— Все-то вижу, все-то вижу!..
Мы стали было выискивать спелогрудого свистуна, сделавшего недолгую передышку, как тотчас же с указательного перста сосновой мутовки ожила другая птаха:
— Чо не вижу, чо не вижу?
И не свист подала, а как-то шепеляво-стеснительно попыталась повторить голос петушка на березе. Не лучше отозвались третья и четвертая чечевицы.
— Фу ты! — поморщился сын. — И чего они, неумехи, мешают настоящей песне?
— А может вовсе и не чечевица? — усомнился он моему молчанию.
И тут снова с наивно-радостным удивлением спела чечевица из березы:
— Все-то вижу, все-то вижу!
Лишь смолкла, как со всех сторон, слегка заикаясь, начали неумело вторить остальные пташки. Морщись не морщись, а все равно их приходится слушать. Сын пока не догадался, что вовсе не случайная спевка ведется на вырубке, и старый петушок совсем не собирается хвалиться чистым голосом и легкостью свиста.
«Ну, ну, заумничал!» — мысленно укорил я себя. Хотя чего бы и не поразмыслить — не столь и часто услышишь, как прилежно и старательно учатся петь молодые петушки. Они и пером еще серые, лишь чуть-чуть на грудках тлеют красными искрами редкие перышки. Да и когда им за прошлое лето перенять отцов голос? Выклюнулись они из крапчатых, зелено-голубых яичек и одна забота — вырасти, подняться на крыло и достичь теплых краев.
Ждать-пережидать, пока зима на родине, приходится им долго. Да какие там песни на чужбине! С горя ни одна птица не запоет… А тут и край родимый, и воля вольная. Запашисто-сладкие березы, вязкий дух смолы сосновой и цветов — не налюбуешься… К лесу от вырубки утонешь в желтом водополье купавок, по березняку траву разукрасили ветреницы, хохлатки и перелеска-печеночница…
Все-то цветы не назовешь скоро, все-то и знать не знал, если б не вырос с малолетства возле бабушки Лукии Григорьевны. Идем, бывало, голодное брюхо урчит, а бабушка приметит какой-нибудь цветок и давай рассказывать — ну, сказка и только!
— Етот, Васько, называется синяком. Видишь, цветочек-то до чего синий, пущай внутре и розово-вороной.
— Вон какой колючий! — отдергиваю я руку.
— Дак для пользы, внучек, волос на стебле жесткий! — смеется она беззубым ртом, — Ядовит он, синяк-то. Па-ра-лизует нервы он, зато от падучей болезни им лечат людей. Ну и кровушку останавливает.

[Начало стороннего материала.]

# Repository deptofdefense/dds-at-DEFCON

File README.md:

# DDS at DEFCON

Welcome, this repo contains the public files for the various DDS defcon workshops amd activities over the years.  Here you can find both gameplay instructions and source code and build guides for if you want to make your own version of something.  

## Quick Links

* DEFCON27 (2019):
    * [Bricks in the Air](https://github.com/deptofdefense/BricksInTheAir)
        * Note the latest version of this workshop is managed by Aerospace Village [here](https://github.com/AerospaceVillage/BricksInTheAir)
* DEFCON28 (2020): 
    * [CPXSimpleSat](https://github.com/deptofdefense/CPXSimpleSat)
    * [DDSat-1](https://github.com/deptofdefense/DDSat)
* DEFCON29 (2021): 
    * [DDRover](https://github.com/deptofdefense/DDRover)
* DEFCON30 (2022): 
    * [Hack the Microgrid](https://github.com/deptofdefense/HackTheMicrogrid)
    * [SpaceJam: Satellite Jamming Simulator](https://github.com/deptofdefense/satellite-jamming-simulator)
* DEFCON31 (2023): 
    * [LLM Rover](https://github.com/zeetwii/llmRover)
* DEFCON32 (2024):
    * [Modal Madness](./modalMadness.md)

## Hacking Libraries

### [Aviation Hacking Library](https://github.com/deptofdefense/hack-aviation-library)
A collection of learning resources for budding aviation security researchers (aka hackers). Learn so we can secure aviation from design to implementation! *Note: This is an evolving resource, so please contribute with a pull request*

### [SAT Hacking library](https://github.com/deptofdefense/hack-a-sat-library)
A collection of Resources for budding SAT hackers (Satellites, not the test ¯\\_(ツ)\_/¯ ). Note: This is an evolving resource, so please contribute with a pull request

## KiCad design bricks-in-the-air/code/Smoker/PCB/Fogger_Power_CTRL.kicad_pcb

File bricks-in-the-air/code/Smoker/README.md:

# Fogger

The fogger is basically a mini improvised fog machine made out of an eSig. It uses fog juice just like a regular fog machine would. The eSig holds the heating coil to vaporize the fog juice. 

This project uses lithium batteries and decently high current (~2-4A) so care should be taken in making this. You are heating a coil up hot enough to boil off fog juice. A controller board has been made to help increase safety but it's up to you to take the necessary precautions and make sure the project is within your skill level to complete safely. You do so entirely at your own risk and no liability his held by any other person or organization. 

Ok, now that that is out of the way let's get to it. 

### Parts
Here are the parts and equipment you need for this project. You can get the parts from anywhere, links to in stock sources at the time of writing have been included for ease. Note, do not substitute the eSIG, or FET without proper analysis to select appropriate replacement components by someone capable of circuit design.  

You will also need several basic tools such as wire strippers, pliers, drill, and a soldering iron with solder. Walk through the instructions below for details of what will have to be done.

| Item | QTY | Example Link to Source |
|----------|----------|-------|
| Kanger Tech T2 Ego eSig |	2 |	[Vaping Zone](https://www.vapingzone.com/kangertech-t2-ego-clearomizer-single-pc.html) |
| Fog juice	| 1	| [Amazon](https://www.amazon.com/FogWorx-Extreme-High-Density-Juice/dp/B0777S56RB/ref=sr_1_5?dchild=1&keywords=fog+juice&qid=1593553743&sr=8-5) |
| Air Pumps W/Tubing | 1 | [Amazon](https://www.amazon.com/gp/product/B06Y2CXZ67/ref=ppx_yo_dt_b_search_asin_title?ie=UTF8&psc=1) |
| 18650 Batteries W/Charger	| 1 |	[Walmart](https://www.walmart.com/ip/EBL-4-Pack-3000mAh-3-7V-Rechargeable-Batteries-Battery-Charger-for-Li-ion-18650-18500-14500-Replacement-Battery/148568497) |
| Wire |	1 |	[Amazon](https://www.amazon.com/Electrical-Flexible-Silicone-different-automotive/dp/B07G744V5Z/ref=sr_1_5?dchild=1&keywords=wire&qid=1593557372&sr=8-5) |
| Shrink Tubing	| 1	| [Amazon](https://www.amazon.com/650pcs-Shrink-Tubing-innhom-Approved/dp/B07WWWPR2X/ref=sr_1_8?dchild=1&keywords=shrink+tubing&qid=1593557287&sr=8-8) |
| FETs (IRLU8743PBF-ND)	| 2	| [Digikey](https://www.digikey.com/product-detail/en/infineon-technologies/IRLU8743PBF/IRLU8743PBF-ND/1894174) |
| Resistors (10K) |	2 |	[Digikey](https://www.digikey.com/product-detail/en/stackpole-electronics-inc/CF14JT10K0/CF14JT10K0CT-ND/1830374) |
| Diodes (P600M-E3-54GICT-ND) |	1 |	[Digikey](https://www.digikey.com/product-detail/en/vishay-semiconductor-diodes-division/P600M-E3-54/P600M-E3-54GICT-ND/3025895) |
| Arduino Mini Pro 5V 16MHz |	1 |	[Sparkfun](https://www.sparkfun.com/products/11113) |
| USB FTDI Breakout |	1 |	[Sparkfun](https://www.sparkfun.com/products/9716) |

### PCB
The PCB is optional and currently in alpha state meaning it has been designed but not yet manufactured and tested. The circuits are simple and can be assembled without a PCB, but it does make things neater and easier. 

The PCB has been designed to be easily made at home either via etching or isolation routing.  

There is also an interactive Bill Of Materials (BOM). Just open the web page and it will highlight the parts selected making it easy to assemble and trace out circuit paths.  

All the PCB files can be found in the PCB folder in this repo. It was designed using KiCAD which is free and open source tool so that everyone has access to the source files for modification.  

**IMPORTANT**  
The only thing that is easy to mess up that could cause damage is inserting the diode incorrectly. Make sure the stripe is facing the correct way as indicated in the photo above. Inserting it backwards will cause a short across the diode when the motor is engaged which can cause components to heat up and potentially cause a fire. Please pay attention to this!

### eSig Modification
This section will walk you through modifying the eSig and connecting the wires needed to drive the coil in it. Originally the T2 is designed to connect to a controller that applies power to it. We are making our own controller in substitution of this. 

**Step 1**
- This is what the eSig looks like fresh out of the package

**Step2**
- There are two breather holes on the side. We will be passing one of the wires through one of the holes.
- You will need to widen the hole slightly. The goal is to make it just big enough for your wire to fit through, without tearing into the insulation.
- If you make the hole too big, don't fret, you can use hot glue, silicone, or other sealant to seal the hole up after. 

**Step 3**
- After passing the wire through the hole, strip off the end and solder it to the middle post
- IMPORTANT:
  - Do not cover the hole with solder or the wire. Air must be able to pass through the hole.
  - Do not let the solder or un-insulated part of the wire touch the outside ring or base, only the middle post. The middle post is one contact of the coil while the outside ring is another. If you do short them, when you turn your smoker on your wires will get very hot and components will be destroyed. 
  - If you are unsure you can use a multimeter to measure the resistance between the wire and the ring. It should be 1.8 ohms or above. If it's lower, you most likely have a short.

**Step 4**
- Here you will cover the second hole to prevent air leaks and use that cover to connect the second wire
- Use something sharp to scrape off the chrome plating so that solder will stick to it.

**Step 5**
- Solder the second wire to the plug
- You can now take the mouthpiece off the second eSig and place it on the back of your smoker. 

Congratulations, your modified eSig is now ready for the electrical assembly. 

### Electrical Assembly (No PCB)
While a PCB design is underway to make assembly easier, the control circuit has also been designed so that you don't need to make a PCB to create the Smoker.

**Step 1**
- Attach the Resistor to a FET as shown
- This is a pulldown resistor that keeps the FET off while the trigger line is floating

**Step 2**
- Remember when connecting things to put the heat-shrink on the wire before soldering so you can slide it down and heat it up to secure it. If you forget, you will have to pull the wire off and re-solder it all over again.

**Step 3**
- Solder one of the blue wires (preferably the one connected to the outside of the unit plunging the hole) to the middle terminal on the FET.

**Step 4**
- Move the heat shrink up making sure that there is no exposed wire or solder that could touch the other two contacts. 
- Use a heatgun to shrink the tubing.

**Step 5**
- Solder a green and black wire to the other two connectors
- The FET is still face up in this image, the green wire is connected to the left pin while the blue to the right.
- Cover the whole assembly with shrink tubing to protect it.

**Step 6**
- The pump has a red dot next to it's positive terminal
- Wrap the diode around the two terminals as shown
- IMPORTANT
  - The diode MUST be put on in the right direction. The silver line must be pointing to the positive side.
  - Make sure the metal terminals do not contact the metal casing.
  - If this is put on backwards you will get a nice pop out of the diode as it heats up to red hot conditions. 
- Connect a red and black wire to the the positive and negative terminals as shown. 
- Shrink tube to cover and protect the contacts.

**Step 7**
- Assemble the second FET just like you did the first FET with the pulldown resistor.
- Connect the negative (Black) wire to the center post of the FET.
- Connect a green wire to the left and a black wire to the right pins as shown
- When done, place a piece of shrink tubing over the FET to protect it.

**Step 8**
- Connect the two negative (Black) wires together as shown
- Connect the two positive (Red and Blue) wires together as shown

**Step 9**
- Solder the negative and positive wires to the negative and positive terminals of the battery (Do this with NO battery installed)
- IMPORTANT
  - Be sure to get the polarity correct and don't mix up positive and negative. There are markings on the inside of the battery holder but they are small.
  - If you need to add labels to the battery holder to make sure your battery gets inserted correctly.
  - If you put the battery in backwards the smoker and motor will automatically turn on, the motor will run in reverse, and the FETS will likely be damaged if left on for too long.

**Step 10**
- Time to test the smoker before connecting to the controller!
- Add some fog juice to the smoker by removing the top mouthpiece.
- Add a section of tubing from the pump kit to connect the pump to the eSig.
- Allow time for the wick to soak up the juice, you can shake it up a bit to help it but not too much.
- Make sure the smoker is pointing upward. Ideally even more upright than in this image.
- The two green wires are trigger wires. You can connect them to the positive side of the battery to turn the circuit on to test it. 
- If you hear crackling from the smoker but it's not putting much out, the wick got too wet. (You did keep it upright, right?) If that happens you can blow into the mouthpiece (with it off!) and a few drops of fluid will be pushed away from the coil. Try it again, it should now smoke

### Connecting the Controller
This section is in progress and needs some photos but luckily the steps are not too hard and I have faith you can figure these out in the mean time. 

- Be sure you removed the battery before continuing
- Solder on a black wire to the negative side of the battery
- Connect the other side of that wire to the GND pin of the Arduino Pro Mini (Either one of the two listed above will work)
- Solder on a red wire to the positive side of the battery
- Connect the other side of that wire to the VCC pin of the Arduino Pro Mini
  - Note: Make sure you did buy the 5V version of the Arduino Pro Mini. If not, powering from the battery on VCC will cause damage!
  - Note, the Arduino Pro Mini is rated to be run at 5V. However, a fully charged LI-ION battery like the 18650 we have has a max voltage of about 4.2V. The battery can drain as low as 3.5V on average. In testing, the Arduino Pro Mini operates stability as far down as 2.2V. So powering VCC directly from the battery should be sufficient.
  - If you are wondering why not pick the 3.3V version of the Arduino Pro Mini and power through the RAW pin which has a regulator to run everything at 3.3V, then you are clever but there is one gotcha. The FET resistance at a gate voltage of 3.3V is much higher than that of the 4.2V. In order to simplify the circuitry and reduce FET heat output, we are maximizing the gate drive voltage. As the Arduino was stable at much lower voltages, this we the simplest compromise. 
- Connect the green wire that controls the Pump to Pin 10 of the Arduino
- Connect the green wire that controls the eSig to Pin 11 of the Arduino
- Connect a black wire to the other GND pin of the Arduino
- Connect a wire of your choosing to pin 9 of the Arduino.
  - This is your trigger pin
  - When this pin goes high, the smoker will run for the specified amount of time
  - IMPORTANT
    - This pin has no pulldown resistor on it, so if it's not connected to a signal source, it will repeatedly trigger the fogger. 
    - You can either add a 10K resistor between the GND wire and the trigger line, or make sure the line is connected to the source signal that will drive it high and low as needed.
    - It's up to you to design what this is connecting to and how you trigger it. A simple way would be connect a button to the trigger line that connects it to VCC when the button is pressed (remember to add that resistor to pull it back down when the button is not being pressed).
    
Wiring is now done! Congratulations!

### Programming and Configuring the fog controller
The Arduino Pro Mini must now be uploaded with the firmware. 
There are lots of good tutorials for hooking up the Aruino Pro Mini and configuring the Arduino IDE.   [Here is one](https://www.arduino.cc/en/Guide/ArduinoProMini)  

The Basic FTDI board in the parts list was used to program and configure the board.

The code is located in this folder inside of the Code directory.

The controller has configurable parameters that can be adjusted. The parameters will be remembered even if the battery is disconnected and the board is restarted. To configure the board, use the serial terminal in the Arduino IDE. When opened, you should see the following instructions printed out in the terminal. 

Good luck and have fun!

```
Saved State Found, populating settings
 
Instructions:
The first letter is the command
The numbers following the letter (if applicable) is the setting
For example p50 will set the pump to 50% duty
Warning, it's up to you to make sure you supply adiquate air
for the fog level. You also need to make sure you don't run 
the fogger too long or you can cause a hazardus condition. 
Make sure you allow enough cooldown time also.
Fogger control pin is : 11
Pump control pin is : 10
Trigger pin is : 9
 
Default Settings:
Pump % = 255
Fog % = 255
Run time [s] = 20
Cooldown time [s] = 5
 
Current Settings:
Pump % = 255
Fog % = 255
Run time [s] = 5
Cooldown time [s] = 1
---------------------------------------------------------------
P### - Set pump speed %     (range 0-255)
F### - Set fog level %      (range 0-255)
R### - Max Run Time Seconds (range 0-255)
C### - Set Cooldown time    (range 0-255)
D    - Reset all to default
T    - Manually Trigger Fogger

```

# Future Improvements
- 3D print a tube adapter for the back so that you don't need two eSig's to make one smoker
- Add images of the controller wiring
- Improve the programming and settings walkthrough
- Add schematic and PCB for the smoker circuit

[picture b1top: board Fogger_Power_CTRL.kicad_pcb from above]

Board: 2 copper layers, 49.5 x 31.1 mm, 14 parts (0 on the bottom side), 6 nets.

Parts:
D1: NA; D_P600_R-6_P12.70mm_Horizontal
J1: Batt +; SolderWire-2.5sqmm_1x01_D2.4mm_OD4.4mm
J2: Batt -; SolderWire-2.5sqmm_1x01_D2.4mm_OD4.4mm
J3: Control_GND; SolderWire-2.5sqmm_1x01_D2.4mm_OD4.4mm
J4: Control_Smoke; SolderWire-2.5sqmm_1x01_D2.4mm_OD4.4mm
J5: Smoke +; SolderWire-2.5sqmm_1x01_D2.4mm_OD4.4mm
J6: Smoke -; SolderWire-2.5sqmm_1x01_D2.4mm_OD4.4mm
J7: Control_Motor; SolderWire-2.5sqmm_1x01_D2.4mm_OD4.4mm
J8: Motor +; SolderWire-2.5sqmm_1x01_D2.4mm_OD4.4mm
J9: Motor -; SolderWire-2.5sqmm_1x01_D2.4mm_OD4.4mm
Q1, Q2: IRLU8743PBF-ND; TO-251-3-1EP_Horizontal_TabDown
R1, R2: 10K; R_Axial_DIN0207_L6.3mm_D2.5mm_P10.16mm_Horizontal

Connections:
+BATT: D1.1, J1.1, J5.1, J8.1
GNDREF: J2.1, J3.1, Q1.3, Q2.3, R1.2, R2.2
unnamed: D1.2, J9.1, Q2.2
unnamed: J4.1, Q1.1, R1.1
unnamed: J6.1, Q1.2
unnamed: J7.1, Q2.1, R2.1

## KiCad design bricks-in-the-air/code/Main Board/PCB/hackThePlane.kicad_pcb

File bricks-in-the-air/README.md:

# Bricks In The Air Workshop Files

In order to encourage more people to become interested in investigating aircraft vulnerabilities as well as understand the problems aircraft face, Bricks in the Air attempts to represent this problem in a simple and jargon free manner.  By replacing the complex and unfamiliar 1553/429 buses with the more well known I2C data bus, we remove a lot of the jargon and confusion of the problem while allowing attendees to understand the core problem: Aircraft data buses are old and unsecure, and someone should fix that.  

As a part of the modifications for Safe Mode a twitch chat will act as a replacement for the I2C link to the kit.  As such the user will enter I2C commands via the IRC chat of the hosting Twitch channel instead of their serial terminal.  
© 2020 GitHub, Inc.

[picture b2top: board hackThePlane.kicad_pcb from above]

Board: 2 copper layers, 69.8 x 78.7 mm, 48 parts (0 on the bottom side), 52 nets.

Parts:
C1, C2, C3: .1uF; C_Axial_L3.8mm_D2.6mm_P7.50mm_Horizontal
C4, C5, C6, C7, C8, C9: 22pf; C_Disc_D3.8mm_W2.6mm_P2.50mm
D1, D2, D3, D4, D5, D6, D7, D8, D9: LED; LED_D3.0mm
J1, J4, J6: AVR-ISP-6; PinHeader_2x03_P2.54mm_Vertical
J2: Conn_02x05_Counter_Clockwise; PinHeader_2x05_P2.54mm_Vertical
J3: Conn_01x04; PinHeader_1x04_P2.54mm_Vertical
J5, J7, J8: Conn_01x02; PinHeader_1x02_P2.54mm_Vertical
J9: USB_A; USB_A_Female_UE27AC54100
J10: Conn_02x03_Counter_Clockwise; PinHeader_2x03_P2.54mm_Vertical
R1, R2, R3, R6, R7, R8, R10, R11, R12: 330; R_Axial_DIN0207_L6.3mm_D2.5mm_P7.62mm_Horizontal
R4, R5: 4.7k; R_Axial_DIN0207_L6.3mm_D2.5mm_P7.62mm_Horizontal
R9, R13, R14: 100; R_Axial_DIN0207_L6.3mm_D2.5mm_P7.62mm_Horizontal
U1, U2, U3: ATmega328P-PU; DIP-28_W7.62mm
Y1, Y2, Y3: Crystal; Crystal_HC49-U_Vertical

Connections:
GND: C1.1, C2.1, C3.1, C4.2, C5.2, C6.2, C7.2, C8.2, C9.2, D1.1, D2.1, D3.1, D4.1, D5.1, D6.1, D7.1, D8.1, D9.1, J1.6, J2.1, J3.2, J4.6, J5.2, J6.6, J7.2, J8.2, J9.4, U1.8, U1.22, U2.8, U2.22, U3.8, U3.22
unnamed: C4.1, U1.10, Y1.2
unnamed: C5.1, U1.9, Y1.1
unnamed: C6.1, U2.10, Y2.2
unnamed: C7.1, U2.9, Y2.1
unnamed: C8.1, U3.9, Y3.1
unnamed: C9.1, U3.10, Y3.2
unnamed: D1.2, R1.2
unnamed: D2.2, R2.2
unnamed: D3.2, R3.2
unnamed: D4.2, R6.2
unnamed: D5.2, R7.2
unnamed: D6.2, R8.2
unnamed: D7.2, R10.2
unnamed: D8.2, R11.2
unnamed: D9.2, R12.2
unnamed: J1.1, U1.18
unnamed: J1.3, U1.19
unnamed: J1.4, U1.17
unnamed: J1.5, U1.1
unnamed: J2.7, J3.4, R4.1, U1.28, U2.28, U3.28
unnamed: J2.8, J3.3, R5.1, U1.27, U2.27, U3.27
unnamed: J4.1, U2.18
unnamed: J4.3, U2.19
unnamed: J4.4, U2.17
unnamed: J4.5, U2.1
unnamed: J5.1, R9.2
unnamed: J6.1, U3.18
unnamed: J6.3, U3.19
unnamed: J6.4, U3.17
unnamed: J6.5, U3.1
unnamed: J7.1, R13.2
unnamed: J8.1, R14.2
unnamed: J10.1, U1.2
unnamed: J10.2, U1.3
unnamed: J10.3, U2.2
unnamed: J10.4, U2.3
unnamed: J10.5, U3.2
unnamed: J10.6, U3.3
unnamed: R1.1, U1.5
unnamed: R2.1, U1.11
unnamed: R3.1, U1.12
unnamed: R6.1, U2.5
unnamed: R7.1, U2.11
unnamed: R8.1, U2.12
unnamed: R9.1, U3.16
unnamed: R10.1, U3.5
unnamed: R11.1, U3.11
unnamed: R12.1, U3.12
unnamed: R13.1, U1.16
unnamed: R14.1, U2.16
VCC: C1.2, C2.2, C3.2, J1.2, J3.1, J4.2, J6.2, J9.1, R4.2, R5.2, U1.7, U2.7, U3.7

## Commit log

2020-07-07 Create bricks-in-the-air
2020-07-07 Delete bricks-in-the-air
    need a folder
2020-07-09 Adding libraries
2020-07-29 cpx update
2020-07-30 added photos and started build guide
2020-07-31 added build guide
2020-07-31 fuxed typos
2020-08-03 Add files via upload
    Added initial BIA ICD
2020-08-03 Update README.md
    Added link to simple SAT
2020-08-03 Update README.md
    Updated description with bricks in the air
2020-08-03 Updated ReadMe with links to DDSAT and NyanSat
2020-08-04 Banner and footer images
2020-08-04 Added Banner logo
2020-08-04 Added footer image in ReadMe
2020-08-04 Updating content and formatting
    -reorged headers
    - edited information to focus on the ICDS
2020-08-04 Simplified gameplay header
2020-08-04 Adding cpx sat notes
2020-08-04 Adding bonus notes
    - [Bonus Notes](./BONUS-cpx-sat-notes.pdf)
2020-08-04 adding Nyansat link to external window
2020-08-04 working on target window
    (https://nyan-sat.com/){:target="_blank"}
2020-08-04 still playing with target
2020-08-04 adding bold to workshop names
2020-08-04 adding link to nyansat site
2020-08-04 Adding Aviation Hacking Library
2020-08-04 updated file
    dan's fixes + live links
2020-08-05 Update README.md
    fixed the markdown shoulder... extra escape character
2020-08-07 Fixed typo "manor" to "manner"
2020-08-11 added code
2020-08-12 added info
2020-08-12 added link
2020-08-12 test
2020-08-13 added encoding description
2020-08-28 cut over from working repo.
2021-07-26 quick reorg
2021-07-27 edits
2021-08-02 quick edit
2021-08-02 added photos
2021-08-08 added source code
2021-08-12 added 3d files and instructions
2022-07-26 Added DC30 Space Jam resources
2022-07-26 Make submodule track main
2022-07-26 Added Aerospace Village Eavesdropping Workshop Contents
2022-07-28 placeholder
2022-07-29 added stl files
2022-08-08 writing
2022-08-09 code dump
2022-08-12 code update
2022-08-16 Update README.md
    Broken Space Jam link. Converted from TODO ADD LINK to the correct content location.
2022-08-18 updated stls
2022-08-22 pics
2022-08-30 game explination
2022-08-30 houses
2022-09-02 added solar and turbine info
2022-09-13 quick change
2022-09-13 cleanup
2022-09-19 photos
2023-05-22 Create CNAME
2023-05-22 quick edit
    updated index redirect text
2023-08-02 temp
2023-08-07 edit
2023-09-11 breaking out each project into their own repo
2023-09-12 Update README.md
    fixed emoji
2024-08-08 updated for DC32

— Эвон белые да розовые цветки — порез-трава. Тысячелистником он ишшо зовется. Раны добро заживляет, кровь на ране свертывает, и сердце лечит отваром, — рассуждает ласково бабушка над зонтиками цветков. И вдруг начинает громко смеяться:
— Помнишь, Васько, как гоняло тебя до ветру? До реву гоняло, опосля ужо не бегал — ползал. Дак отваром этой травы я и отпаивала тебя. Опосля пошли в поле, увидел ты цветки да и закричал: «Баушка, гляди-ко, сколь брюшной травы!»
Так оно и было на самом деле: перестал маяться и забыл, а бабушка все помнила, все. И не серчала на детскую непамятливость, а вела и вела свою сказку о пользе трав, учила знать их, а пуще всего беречь:
— Думаешь, лес да живность можно только свести? Не-е, Васько, и травы тоже. Вытопчешь да выпластаешь их не по-людски, и не станет трав на земле. Можа и появится какая дурь, а тех уж не будет. Эвон извели же глухую крапиву…
Покуда отдыхали мы, сын разгадал птичью спевку. Молодые и правда засвистели чище. Он придвинулся ко мне и обрадованно зашептал:
— Слушай, папа, о чем вон тот поет?
— Тятю вижу, тятю вижу! — ликовал серенький петушок с указательного перста сосновой мутовки.
ОЛЬХОВОЧКА
Заклубилась листва на ивняках и ольхе и скрыла от глаз речку Ольховочку… А мы нетерпеливо сбегаем с высокой насыпи, перепрыгиваем через бетонный лоток, где шепелявит прозрачная струя, и вот уже возле речки. Насаживаем на крючок дождевых червей, спускаем на самое дно красные кисти. Неужто побрезгует, проплывет мимо окунь-батюшка?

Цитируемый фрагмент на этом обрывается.